Good infor here. I have always set new rest up on center shot. Some bows have their cams lined up with the center of the grip and some are outside slightly. I can't recall setting center shot a 1/2" inside the center of the string/grip alignment, maybe 1/2" from the riser? Most I have found was a 1/2 shaft to 1 shaft width inside or outside. From there you can fine adjust for your shooting style. You can move it in towards the riser or out away from the riser until it shoots best and don't forget to set nock point also. I set mine slightly high from square on the string. I like to paper tune at first and adjust for best tear. But most important thing I do is watch how the arrows fly at 40-50 yards.


----------



## elecshoc (Dec 7, 2006)

the center shot is just to the left of the string for me (righthanded). I used the easton guide as starter and then shot fletched and bare shafts at just 4 yards. Its just a start then went back to 10 then 20 to bareshaft test which I then adjusted the draw weight one last time to get bareshafts and fletched hitting the same. that should take care of any spine issues you have. I adjust my site pin to hit at 20 then I walked back tuned to 40 to adjust the center shot. I start at 10 then go back another 10 then another (using the same pin to shoot) until I have four arrows up and down on the same target. depending on how the arrows are lined up on the target I adjust the center shot.

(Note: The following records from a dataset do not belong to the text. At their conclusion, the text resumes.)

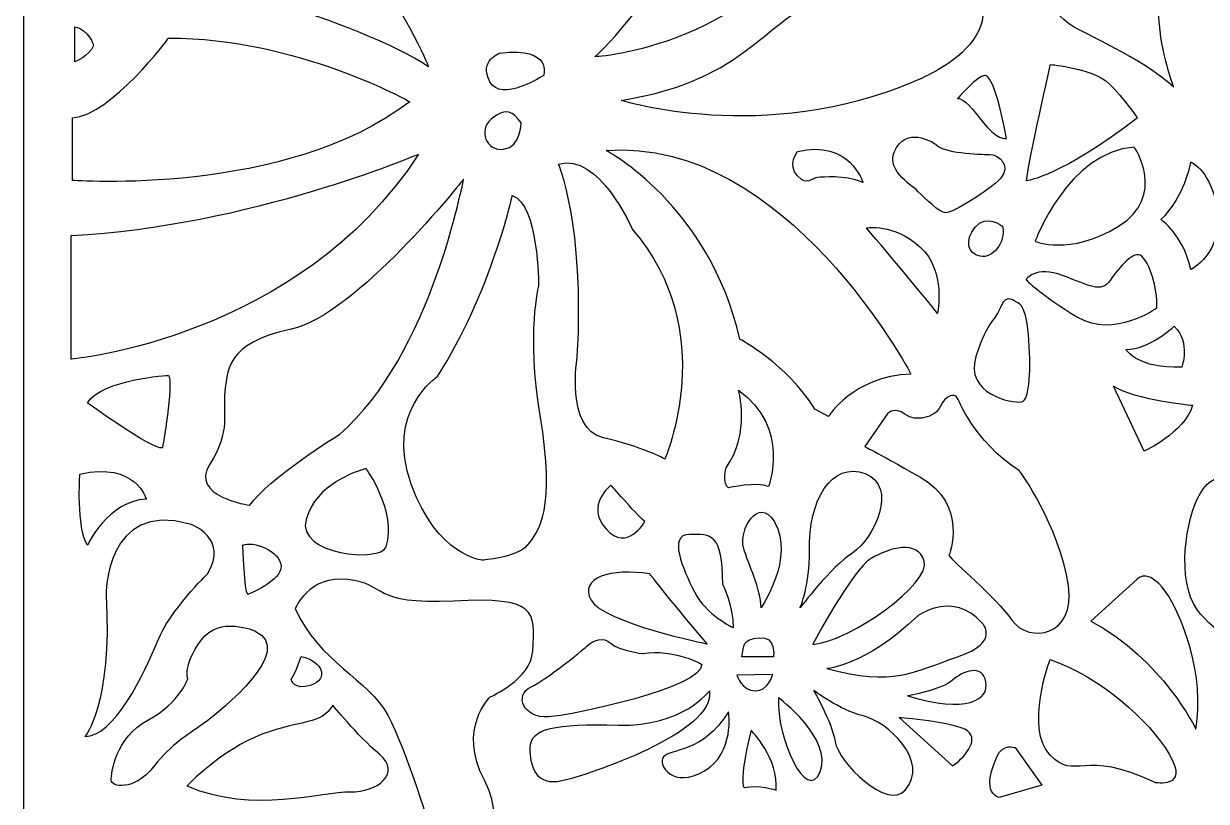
# Model space of a CAD drawing. Header units: centimetres. Extents: x 10.6 to 19.7, y -9 to 9.
# Drawn here: x 10.57 to 16.57, y 0.72 to 4.67 of the extents above; entities that cross this region are included whole.
import ezdxf

# ---------------------------------------------------------------- set-up
doc = ezdxf.new("R2010")
doc.units = ezdxf.units.CM
doc.header["$MEASUREMENT"] = 0
doc.layers.add('layer 1', color=7, linetype='Continuous')

msp = doc.modelspace()

# ---------------------------------------------------------------- linework, layer by layer
at = {"layer": 'layer 1', "color": 250}
msp.add_open_spline([(10.56679, 9.00077), (10.56679, 9.00077), (19.7069, 9.00077), (19.7069, 9.00077), (19.7069, 9.00077), (19.7069, 9.00077), (19.7069, -9.00021), (19.7069, -9.00021), (19.7069, -9.00021), (19.7069, -9.00021), (10.56679, -9.00021), (10.56679, -9.00021), (10.56679, -9.00021), (10.56679, -9.00021), (10.56679, 9.00077), (10.56679, 9.00077)], degree=3, knots=[0, 0, 0, 0, 0.2, 0.2, 0.2, 0.2, 0.4, 0.4, 0.4, 0.4, 0.6, 0.6, 0.6, 0.6, 1, 1, 1, 1], dxfattribs=at)
at = {"layer": 'layer 1', "color": 7}
for points, knots in [([(15.70565, 4.83411), (15.70565, 4.83411), (15.83006, 4.70463), (15.88846, 4.66401), (15.88846, 4.66401), (15.94686, 4.62339), (16.24137, 4.50405), (16.4064, 4.35171), (16.4064, 4.35171), (16.4064, 4.35171), (16.18552, 4.90522), (16.48257, 5.23274), (16.48257, 5.23274), (16.48257, 5.23274), (16.55874, 5.3673), (16.81009, 5.43332), (16.81009, 5.43332), (16.81009, 5.43332), (16.86341, 5.42823), (16.85325, 5.52979), (16.85325, 5.52979), (16.8431, 5.63136), (16.88371, 5.8954), (16.90403, 5.97157), (16.90403, 5.97157), (16.90403, 5.97157), (16.71361, 5.9538), (16.71361, 5.9538), (16.71361, 5.9538), (16.71361, 5.9538), (16.76439, 5.71006), (16.41656, 5.63897), (16.41656, 5.63897), (16.06873, 5.56787), (15.84784, 5.60089), (15.72344, 5.78623), (15.72344, 5.78623), (15.59902, 5.97157), (15.62442, 6.14168), (15.62442, 6.16708), (15.62442, 6.16708), (15.62442, 6.16708), (15.2258, 6.07821), (15.04048, 6.09852), (15.04048, 6.09852), (15.04048, 6.09852), (15.16487, 5.95127), (14.95669, 5.79131), (14.95669, 5.79131), (14.95669, 5.79131), (14.89067, 5.72276), (15.04048, 5.55519), (15.04048, 5.55519), (15.04048, 5.55519), (15.07601, 5.47394), (15.1928, 5.50949), (15.1928, 5.50949), (15.30959, 5.54502), (15.53301, 5.62374), (15.63965, 5.40538), (15.63965, 5.40538), (15.74629, 5.18704), (15.71327, 4.90775), (15.70565, 4.83411)], [0, 0, 0, 0, 0.0588235, 0.0588235, 0.0588235, 0.0588235, 0.1176471, 0.1176471, 0.1176471, 0.1176471, 0.1764706, 0.1764706, 0.1764706, 0.1764706, 0.2352941, 0.2352941, 0.2352941, 0.2352941, 0.2941176, 0.2941176, 0.2941176, 0.2941176, 0.3529412, 0.3529412, 0.3529412, 0.3529412, 0.4117647, 0.4117647, 0.4117647, 0.4117647, 0.4705882, 0.4705882, 0.4705882, 0.4705882, 0.5294118, 0.5294118, 0.5294118, 0.5294118, 0.5882353, 0.5882353, 0.5882353, 0.5882353, 0.6470588, 0.6470588, 0.6470588, 0.6470588, 0.7058824, 0.7058824, 0.7058824, 0.7058824, 0.7647059, 0.7647059, 0.7647059, 0.7647059, 0.8235294, 0.8235294, 0.8235294, 0.8235294, 0.8823529, 0.8823529, 0.8823529, 0.8823529, 1, 1, 1, 1]), ([(12.62342, 4.45454), (12.62342, 4.45454), (12.10929, 5.72402), (11.00487, 5.81289), (11.00487, 5.81289), (11.00487, 5.81289), (10.97313, 5.59708), (10.97313, 5.59708), (10.97313, 5.59708), (10.97313, 5.59708), (11.27145, 5.31145), (11.33492, 4.9306), (11.33492, 4.9306), (11.33492, 4.9306), (12.27432, 4.68939), (12.62342, 4.45454)], [0, 0, 0, 0, 0.2, 0.2, 0.2, 0.2, 0.4, 0.4, 0.4, 0.4, 0.6, 0.6, 0.6, 0.6, 1, 1, 1, 1]), ([(13.46761, 4.50533), (13.46761, 4.50533), (14.29276, 4.54341), (14.71169, 5.33049), (14.71169, 5.33049), (14.71169, 5.33049), (14.85133, 5.49551), (14.66091, 5.62881), (14.66091, 5.62881), (14.66091, 5.62881), (14.41335, 5.59072), (14.28642, 5.59708), (14.28642, 5.59708), (14.28642, 5.59708), (13.70246, 4.70843), (13.46761, 4.50533)], [0, 0, 0, 0, 0.2, 0.2, 0.2, 0.2, 0.4, 0.4, 0.4, 0.4, 0.6, 0.6, 0.6, 0.6, 1, 1, 1, 1]), ([(13.60091, 4.28316), (13.60091, 4.28316), (14.33084, 4.05465), (15.08616, 4.37837), (15.08616, 4.37837), (15.08616, 4.37837), (15.72725, 4.61324), (15.28293, 5.00677), (15.28293, 5.00677), (15.28293, 5.00677), (15.21946, 5.08294), (14.74977, 4.87982), (14.74977, 4.87982), (14.28007, 4.67671), (14.27372, 4.39742), (13.60091, 4.28316)], [0, 0, 0, 0, 0.2, 0.2, 0.2, 0.2, 0.4, 0.4, 0.4, 0.4, 0.6, 0.6, 0.6, 0.6, 1, 1, 1, 1]), ([(10.82713, 4.65767), (10.82713, 4.65767), (10.82713, 4.47994), (10.82713, 4.47994), (10.82713, 4.47994), (10.82713, 4.47994), (10.89696, 4.50533), (10.92234, 4.56245), (10.92234, 4.56245), (10.92234, 4.56245), (10.89696, 4.64497), (10.82713, 4.65767)], [0, 0, 0, 0, 0.25, 0.25, 0.25, 0.25, 0.5, 0.5, 0.5, 0.5, 1, 1, 1, 1]), ([(12.52821, 4.27682), (12.52821, 4.27682), (11.95695, 4.60054), (11.30319, 4.60054), (11.30319, 4.60054), (11.30319, 4.60054), (11.01121, 4.20699), (10.81445, 4.19431), (10.81445, 4.19431), (10.81445, 4.19431), (10.81445, 3.87693), (10.81445, 3.87693), (10.81445, 3.87693), (10.81445, 3.87693), (11.89983, 3.79442), (12.52821, 4.27682)], [0, 0, 0, 0, 0.2, 0.2, 0.2, 0.2, 0.4, 0.4, 0.4, 0.4, 0.6, 0.6, 0.6, 0.6, 1, 1, 1, 1]), ([(12.98523, 4.52437), (12.98523, 4.52437), (12.87731, 4.48628), (12.93444, 4.37837), (12.93444, 4.37837), (12.99157, 4.27048), (13.20738, 4.41012), (13.20738, 4.41012), (13.20738, 4.41012), (13.20738, 4.41012), (13.25815, 4.55611), (12.98523, 4.52437)], [0, 0, 0, 0, 0.25, 0.25, 0.25, 0.25, 0.5, 0.5, 0.5, 0.5, 1, 1, 1, 1]), ([(15.78182, 4.46597), (15.78182, 4.46597), (15.67265, 3.9861), (15.65995, 3.8744), (15.65995, 3.8744), (15.65995, 3.8744), (15.84276, 3.89978), (16.22361, 4.19431), (16.22361, 4.19431), (16.22361, 4.19431), (16.15505, 4.29333), (16.07888, 4.3695), (16.07888, 4.3695), (16.00271, 4.44567), (15.78182, 4.46597), (15.78182, 4.46597)], [0, 0, 0, 0, 0.2, 0.2, 0.2, 0.2, 0.4, 0.4, 0.4, 0.4, 0.6, 0.6, 0.6, 0.6, 1, 1, 1, 1]), ([(15.30959, 4.29333), (15.30959, 4.29333), (15.41623, 4.41265), (15.44669, 4.41012), (15.44669, 4.41012), (15.44669, 4.41012), (15.49493, 4.4355), (15.5584, 4.0902), (15.5584, 4.0902), (15.5584, 4.0902), (15.50763, 4.08005), (15.43399, 4.17907), (15.43399, 4.17907), (15.36036, 4.27809), (15.32991, 4.29333), (15.30959, 4.29333)], [0, 0, 0, 0, 0.2, 0.2, 0.2, 0.2, 0.4, 0.4, 0.4, 0.4, 0.6, 0.6, 0.6, 0.6, 1, 1, 1, 1]), ([(13.09312, 4.16891), (13.09312, 4.16891), (13.09312, 4.04831), (13.00427, 4.03561), (13.00427, 4.03561), (12.9154, 4.02293), (12.87574, 4.13375), (12.94078, 4.18795), (12.94078, 4.18795), (13.01695, 4.25143), (13.05504, 4.22603), (13.09312, 4.16891)], [0, 0, 0, 0, 0.25, 0.25, 0.25, 0.25, 0.5, 0.5, 0.5, 0.5, 1, 1, 1, 1]), ([(15.20042, 4.05974), (15.20042, 4.05974), (15.0684, 4.15367), (14.99986, 4.0445), (14.99986, 4.0445), (14.93131, 3.93533), (15.07093, 3.85916), (15.10901, 3.82108), (15.10901, 3.82108), (15.1471, 3.78299), (15.21819, 3.71191), (15.25119, 3.71191), (15.25119, 3.71191), (15.2842, 3.71191), (15.47208, 3.82616), (15.52793, 3.8871), (15.52793, 3.8871), (15.5838, 3.94802), (15.52286, 4.00895), (15.47208, 4.00895), (15.47208, 4.00895), (15.42129, 4.00895), (15.23089, 4.01657), (15.20042, 4.05974)], [0, 0, 0, 0, 0.1428571, 0.1428571, 0.1428571, 0.1428571, 0.2857143, 0.2857143, 0.2857143, 0.2857143, 0.4285714, 0.4285714, 0.4285714, 0.4285714, 0.5714286, 0.5714286, 0.5714286, 0.5714286, 0.7142857, 0.7142857, 0.7142857, 0.7142857, 1, 1, 1, 1]), ([(13.52474, 4.02927), (13.52474, 4.02927), (14.05157, 3.74999), (14.2039, 3.07081), (14.2039, 3.07081), (14.2039, 3.07081), (14.4451, 2.94387), (14.58474, 2.71536), (14.58474, 2.71536), (14.58474, 2.71536), (14.65456, 2.67728), (14.65456, 2.67728), (14.65456, 2.67728), (14.65456, 2.67728), (14.77516, 2.88039), (15.07346, 2.89309), (15.07346, 2.89309), (15.07346, 2.89309), (14.43875, 4.0991), (13.52474, 4.02927)], [0, 0, 0, 0, 0.1666667, 0.1666667, 0.1666667, 0.1666667, 0.3333333, 0.3333333, 0.3333333, 0.3333333, 0.5, 0.5, 0.5, 0.5, 0.6666667, 0.6666667, 0.6666667, 0.6666667, 1, 1, 1, 1]), ([(14.49714, 4.02419), (14.49714, 4.02419), (14.44382, 3.95563), (14.49714, 3.89978), (14.49714, 3.89978), (14.55046, 3.84393), (14.56824, 3.89216), (14.59871, 3.89216), (14.59871, 3.89216), (14.62916, 3.89216), (14.72818, 3.9074), (14.82975, 3.86678), (14.82975, 3.86678), (14.82975, 3.86678), (14.7612, 4.08767), (14.49714, 4.02419)], [0, 0, 0, 0, 0.2, 0.2, 0.2, 0.2, 0.4, 0.4, 0.4, 0.4, 0.6, 0.6, 0.6, 0.6, 1, 1, 1, 1]), ([(15.70396, 3.56802), (15.70396, 3.56802), (15.87323, 4.02504), (16.20752, 4.0462), (16.20752, 4.0462), (16.20752, 4.0462), (16.37678, 3.79653), (16.12712, 3.64419), (16.12712, 3.64419), (15.87745, 3.49186), (15.70396, 3.56802), (15.70396, 3.56802)], [0, 0, 0, 0, 0.25, 0.25, 0.25, 0.25, 0.5, 0.5, 0.5, 0.5, 1, 1, 1, 1]), ([(12.57265, 4.01023), (12.57265, 4.01023), (11.70942, 3.64208), (10.80809, 3.59765), (10.80809, 3.59765), (10.80809, 3.59765), (10.80809, 2.96926), (10.80809, 2.96926), (10.80809, 2.96926), (10.80809, 2.96926), (11.96331, 3.07081), (12.57265, 4.01023)], [0, 0, 0, 0, 0.25, 0.25, 0.25, 0.25, 0.5, 0.5, 0.5, 0.5, 1, 1, 1, 1]), ([(13.28355, 3.95946), (13.28355, 3.95946), (13.41683, 3.65478), (13.37876, 2.98196), (13.37876, 2.98196), (13.37876, 2.98196), (13.31527, 2.61379), (13.51204, 2.56937), (13.51204, 2.56937), (13.7088, 2.52494), (13.82306, 2.46146), (13.82306, 2.46146), (13.82306, 2.46146), (13.82306, 2.46146), (14.10869, 3.10889), (13.65803, 3.62938), (13.65803, 3.62938), (13.65803, 3.62938), (13.48665, 4.02293), (13.28355, 3.95946)], [0, 0, 0, 0, 0.1666667, 0.1666667, 0.1666667, 0.1666667, 0.3333333, 0.3333333, 0.3333333, 0.3333333, 0.5, 0.5, 0.5, 0.5, 0.6666667, 0.6666667, 0.6666667, 0.6666667, 1, 1, 1, 1]), ([(16.49527, 3.97003), (16.49527, 3.97003), (16.46141, 3.78808), (16.34293, 3.67805), (16.34293, 3.67805), (16.34293, 3.67805), (16.45295, 3.60611), (16.49527, 3.42414), (16.49527, 3.42414), (16.49527, 3.42414), (16.65606, 3.50878), (16.63068, 3.71613), (16.63068, 3.71613), (16.60528, 3.92349), (16.49527, 3.97003), (16.49527, 3.97003)], [0, 0, 0, 0, 0.2, 0.2, 0.2, 0.2, 0.4, 0.4, 0.4, 0.4, 0.6, 0.6, 0.6, 0.6, 1, 1, 1, 1]), ([(12.80114, 3.88327), (12.80114, 3.88327), (12.63612, 2.9883), (12.17276, 2.58841), (12.17276, 2.58841), (12.17276, 2.58841), (11.80462, 2.3599), (11.71576, 2.22661), (11.71576, 2.22661), (11.71576, 2.22661), (11.40474, 2.27105), (11.51264, 2.43607), (11.51264, 2.43607), (11.62055, 2.60111), (11.57612, 2.70266), (11.58881, 2.80422), (11.58881, 2.80422), (11.60151, 2.90579), (11.59517, 3.05177), (11.92523, 3.12159), (11.92523, 3.12159), (12.25527, 3.19142), (12.80114, 3.88327), (12.80114, 3.88327)], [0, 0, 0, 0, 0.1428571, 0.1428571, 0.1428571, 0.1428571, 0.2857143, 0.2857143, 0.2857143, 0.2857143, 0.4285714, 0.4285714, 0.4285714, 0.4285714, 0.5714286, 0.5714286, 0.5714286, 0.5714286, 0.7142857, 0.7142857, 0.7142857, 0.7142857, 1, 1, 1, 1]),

a line of arrow like this / means to move the rest to the right by a tiny bit.

a line of arrows like so \ means to move the rest to the left by just a tiny bit.

keep adjusting until you have a straight l like so.

for me getting the spine right was the hardest part. This is how I setup my bow when I got new arrows and strings for this year and its worked for me, hopefully you can get something out of my description to help you out.:darkbeer:


----------



## big cypress (Jul 31, 2006)

okay, i've centered arrow on string also moved sight in about 3/16''which appears to have it centered on string as well . the arrow tip went left and the sight went right which seems logical to me at the moment . i'm shooting about 15 yards in the basement and arrows are about 10'' left of the target . i'm really tired right now, in fact had to stop and walk a bit several times when jogging this morning .later i'll go shoot some more and see what happens . until then let me say i truly appreciate your guidance and patience . . .thanks and peace......bc


----------



## arrowshooters (Jun 5, 2006)

Big, go ahead and move your sight back where it was and work on getting a consistant hit on the rest first.

Sorry if I am missing it but why don't you post your bow and setup and maybe we can help a little more.


----------



## ia bhtr (May 22, 2002)

big cy , pretty good comments from the guys , do a search on french tuning , I think John Dudley was the one that wrote it , that will get your sight and rest pretty close with minimal work on your part , then to finish it , a walk back tune , similar to what elecshoc wrote , but to add to his 

for a rightie

( rest to far out
) rest to far in 
/ to much pressure on the plunger , or a stiff acting arrow , weaken plunger spring , or add bow poundage
\ not enough pressure on the plunger , or a weak acting arrow ,add spring tension to the plunger , or drop bow poundage

in my barebow days , this is how I tuned and could get a vertical string of arrows from point blank to infinity .... never had a left/right grouping issue after my walk back tune set the arrow rest for in / out & tension

hope this helps also , Dan


----------



## Arrow (Aug 30, 2002)

Big,

If your arrows are correctly spined, it will not matter where your rest is. I set mine up for dead center and use the tension of my button to hlep with "center shot" issues. I use the button to tune the final process.

I like what IA BHTR posted, great advice, I just never take that much time, but should.

Take two days, set the bow up, then get sighted in. Then go shoot.

Relax, this is for enjoyment, not the job.

Arrow


----------



## ceebee (Dec 3, 2002)

BC 
It sounds like you have tried all positions with your rest, could it be your arrows ? How deep a hook do you have on the string with your fingers, and is your release comming away from your face on release? It would be nice if we could see your form and setup. As far as rest position, line it up centered, and at ten or twelve yards it should be close enough. I would then paper test. This should give you a good idea for whats going on, THEN do the walk back for fine tuning.
charlie


----------